TASK BRIEF
The records appear below. Set down exactly each line from the one that contains "Rectangle(F4_W, F4_H)" through the last, both included.

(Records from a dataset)
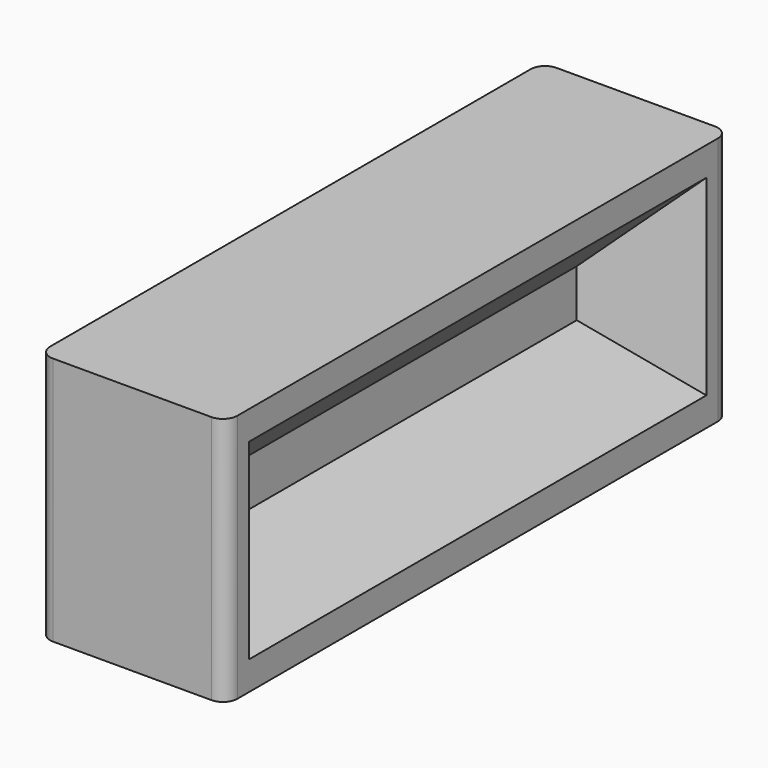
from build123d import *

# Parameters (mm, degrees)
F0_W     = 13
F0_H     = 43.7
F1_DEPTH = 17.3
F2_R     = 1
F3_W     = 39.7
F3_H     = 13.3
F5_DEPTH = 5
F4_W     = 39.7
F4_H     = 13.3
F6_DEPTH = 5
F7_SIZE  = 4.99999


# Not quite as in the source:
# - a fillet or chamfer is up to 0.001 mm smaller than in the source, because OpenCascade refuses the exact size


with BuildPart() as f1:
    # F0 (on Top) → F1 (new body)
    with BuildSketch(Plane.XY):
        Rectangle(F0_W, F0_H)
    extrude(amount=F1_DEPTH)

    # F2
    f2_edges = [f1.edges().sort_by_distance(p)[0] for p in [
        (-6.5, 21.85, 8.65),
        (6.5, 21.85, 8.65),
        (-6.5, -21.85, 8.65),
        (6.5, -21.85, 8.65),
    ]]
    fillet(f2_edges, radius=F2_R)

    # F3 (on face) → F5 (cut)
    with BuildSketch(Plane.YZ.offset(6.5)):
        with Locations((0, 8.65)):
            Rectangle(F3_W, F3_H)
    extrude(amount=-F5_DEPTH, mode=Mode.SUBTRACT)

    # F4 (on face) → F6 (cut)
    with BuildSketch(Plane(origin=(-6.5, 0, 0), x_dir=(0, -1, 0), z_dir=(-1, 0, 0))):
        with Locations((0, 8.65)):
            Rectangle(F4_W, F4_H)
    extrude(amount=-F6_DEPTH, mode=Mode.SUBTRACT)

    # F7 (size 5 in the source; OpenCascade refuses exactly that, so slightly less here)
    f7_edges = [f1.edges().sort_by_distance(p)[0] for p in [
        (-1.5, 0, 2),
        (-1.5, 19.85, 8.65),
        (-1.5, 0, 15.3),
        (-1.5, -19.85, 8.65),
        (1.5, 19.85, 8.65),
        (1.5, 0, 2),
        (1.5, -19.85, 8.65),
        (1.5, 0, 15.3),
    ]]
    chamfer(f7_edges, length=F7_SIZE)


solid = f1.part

ANSWER TO THIS TASK
            Rectangle(F4_W, F4_H)
    extrude(amount=-F6_DEPTH, mode=Mode.SUBTRACT)

    # F7 (size 5 in the source; OpenCascade refuses exactly that, so slightly less here)
    f7_edges = [f1.edges().sort_by_distance(p)[0] for p in [
        (-1.5, 0, 2),
        (-1.5, 19.85, 8.65),
        (-1.5, 0, 15.3),
        (-1.5, -19.85, 8.65),
        (1.5, 19.85, 8.65),
        (1.5, 0, 2),
        (1.5, -19.85, 8.65),
        (1.5, 0, 15.3),
    ]]
    chamfer(f7_edges, length=F7_SIZE)


solid = f1.part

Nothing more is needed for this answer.